# Remettre au goût du jour un vieil iPod Classic



## Croustibapt (20 Janvier 2021)

Bonjour à tous,

Je me dis que ma démarche pourrait en intéresser plus d'un ici, alors je partage ma petite expérience.

En trainant sur Reddit il y a quelques temps, je me suis rendu compte que toute une communauté faisait revivre les vieux iPods en les modifiant légèrement à l'intérieur. En 15 ou 20 ans, les disques durs peuvent lâcher, les batteries peuvent ne plus se réveiller, et donc les gens s'en débarrassent pour une bouchée de pain sur eBay ou LBC. Ces personnes les récupèrent afin de les ouvrir pour remplacer les pièces défaillantes par des choses plus récentes.

J'ai donc sauté sur l'occasion, étant en convalescence et en confinement, pour me lancer dans le projet en achetant un iPod de 4ème génération avec écran monochrome. Comme prévu, la batterie et le DD étaient tous deux défaillants. J'ai alors commandé une nouvelle batterie, un adaptateur IDE vers Compact Flash, et un adaptateur CF vers SD (avec donc l'achat d'une SD de 64GB).







Après un formatage de la SD en Fat32 et quelques péripéties sur la réinstallation de l'OS d'origine via le Finder sous Catalina, j'ai pu sans problème y mettre les 4440 morceaux de ma bibliothèque iTunes!

Il existe cependant quelques petites choses que l'on doit accepter avec la RAM très limitée dans un appareil de cette époque. Le fait d'avancer dans un morceaux long peut faire bugger l'iPod par exemple. En revanche, le fait de faire tourner le tout sur une carte SD fait que l'on a plus la latence entre la sélection du morceau et la lecture. L'iPod est aussi beaucoup plus léger. Je n'ai pas testé la capacité de la nouvelle batterie, mais je devrais avoir facilement entre 5h et 10h d'autonomie.

Ce qui est fascinant dans l'histoire, c'est de voir qu'Apple continue de supporter ces vieux iPods via le Finder sur Big Sur, 20 ans après leur commercialisation.
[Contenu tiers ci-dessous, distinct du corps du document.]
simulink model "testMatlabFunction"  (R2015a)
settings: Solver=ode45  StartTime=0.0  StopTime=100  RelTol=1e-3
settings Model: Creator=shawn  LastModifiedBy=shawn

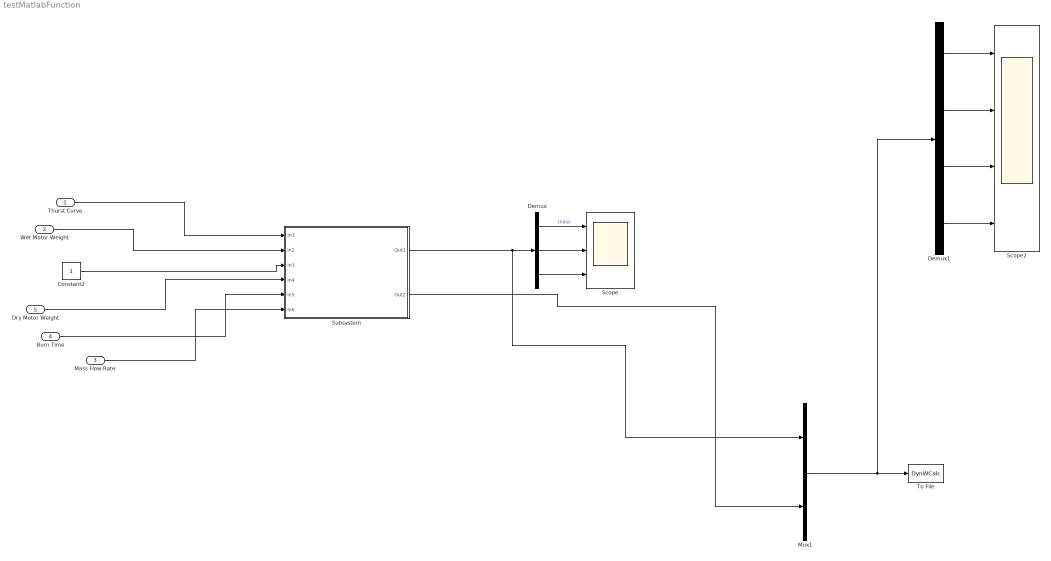
== system testMatlabFunction ==
  Thurst Curve : Inport
  Wet Motor Weight : Inport  Port=2
  Mass Flow Rate : Inport  Port=3
  Burn Time : Inport  Port=4
  Dry Motor Weight : Inport  Port=5
  Constant2 : Constant
  Demux : Demux  Outputs=[1 1 1]
  Demux1 : Demux
  Mux1 : Mux  Inputs=2
  Scope : Scope  NumInputPorts=3
      settings: YMin=-5~-5~-5  YMax=5~5~5
  Scope2 : Scope  NumInputPorts=4
      settings: YMin=-5~-5~-5~-5  YMax=5~5~5~5  SaveName=ScopeData2
  Subsystem : Subsystem
  To File : ToFile  Filename=DynWCalc
  wires:
  Demux/1 -> Scope/1  "mass"
  Demux/2 -> Scope/2
  Demux/3 -> Scope/3
  Demux1/3 -> Scope2/3
  Demux1/4 -> Scope2/4
  Demux1/2 -> Scope2/2
  Demux1/1 -> Scope2/1
  Mux1/1 -> Demux1/1, To File/1
  Subsystem/1(Out1) -> Mux1/1, Demux/1
  Thurst Curve/1 -> Subsystem/1(In1)
  Wet Motor Weight/1 -> Subsystem/2(In2)
  Constant2/1 -> Subsystem/3(In3)
  Dry Motor Weight/1 -> Subsystem/4(In4)
  Burn Time/1 -> Subsystem/5(In5)
  Mass Flow Rate/1 -> Subsystem/6(In6)
  Subsystem/2(Out2) -> Mux1/2

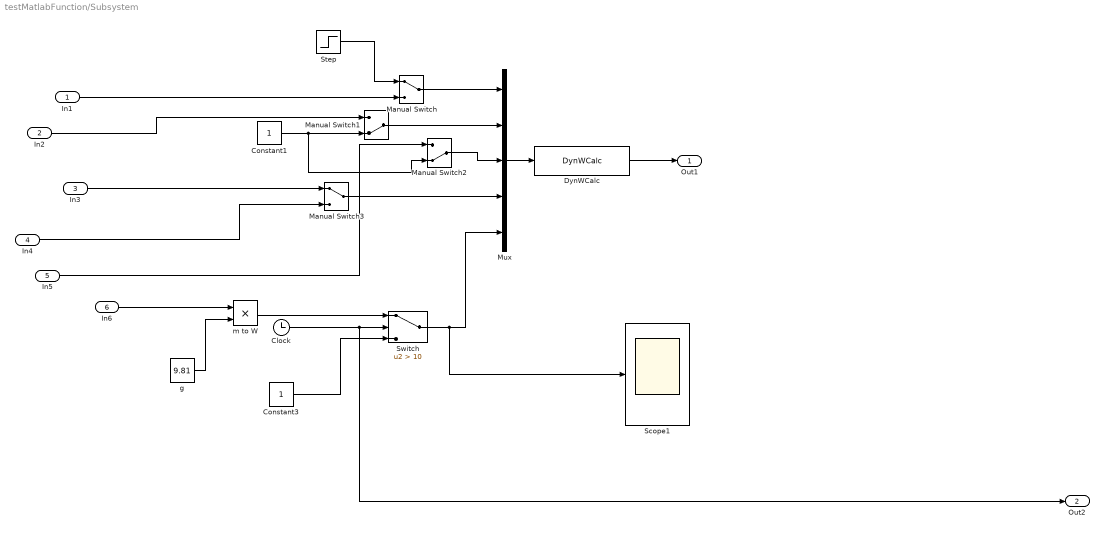
== system testMatlabFunction/Subsystem ==
  In1 : Inport
  In2 : Inport  Port=2
  In3 : Inport  Port=3
  In4 : Inport  Port=4
  In5 : Inport  Port=5
  In6 : Inport  Port=6
  Clock : Clock
  Constant1 : Constant
  Constant3 : Constant
  DynWCalc : MATLABFcn  MATLABFcn=DynWCalc
      mask Display: disp('DynWCalc')
  Manual Switch : ManualSwitch
  Manual Switch1 : ManualSwitch  CurrentSetting=0
  Manual Switch2 : ManualSwitch  CurrentSetting=0
  Manual Switch3 : ManualSwitch
  Mux : Mux  Inputs=5
  Scope1 : Scope
  Step : Step  SampleTime=0
  Switch : Switch  Criteria=u2 > Threshold  Threshold=10
  g : Constant  Value=9.81
  m to W : Product
  Out1 : Outport
  Out2 : Outport  Port=2
  wires:
  Step/1 -> Manual Switch/1
  DynWCalc/1 -> Out1/1
  Manual Switch2/1 -> Mux/3
  Constant1/1 -> Manual Switch2/2, Manual Switch1/2
  Manual Switch3/1 -> Mux/4
  In3/1 -> Manual Switch3/1
  In5/1 -> Manual Switch2/1
  In1/1 -> Manual Switch/2
  In6/1 -> m to W/1
  Manual Switch/1 -> Mux/1
  g/1 -> m to W/2
  Switch/1 -> Scope1/1, Mux/5
  Mux/1 -> DynWCalc/1
  In4/1 -> Manual Switch3/2
  m to W/1 -> Switch/1
  In2/1 -> Manual Switch1/1
  Constant3/1 -> Switch/3
  Clock/1 -> Out2/1, Switch/2
  Manual Switch1/1 -> Mux/2

Ça facilite franchement la manipulation, pas besoin de mettre la main sur un vieux PC ou Mac pour ça. Certains vont trouver que cette restauration n'a que peu d'intérêt, car après tout nous utilisons à notre époque les services de streaming. Certes, mais je peux vous assurer que le DAC d'un vieil iPod est bien supérieur à celui des iPhones et des iPads. Branchez un bon casque sur un vieil iPod et vous découvrirez à nouveau votre musique.






Si vous êtes intéressé, je peux vous partager les pièces que j'ai utilisé pour ce projet de restauration.

J'ai récupéré un autre iPod (de 5ème génération) sur eBay récemment, je me pencherai sur sa restauration plus tard dans l'année.


----------



## Gwen (20 Janvier 2021)

Je suis très intéressé par avoir la référence du connecteur et du SSD que tu as utilisé. J'ai moi même des vieux iPod que je voudrais faire revivre.


----------



## Croustibapt (20 Janvier 2021)

Alors le modèle d'adaptateur va dépendre du modèle de l'iPod. Pour le 4ème génération, j'ai utilisé cet adaptateur. Pour convertir l'interface CF en SD, j'ai utilisé ceci. Après, il suffit de prendre une carte SD classique, de préférence SDXC.

Pour des iPods Classic de 5ème, 6ème et 7ème génération, il est recommandé d'aller faire un tour sur le site d'iFlash qui propose toute sorte d'adaptateur pour les différents iPods.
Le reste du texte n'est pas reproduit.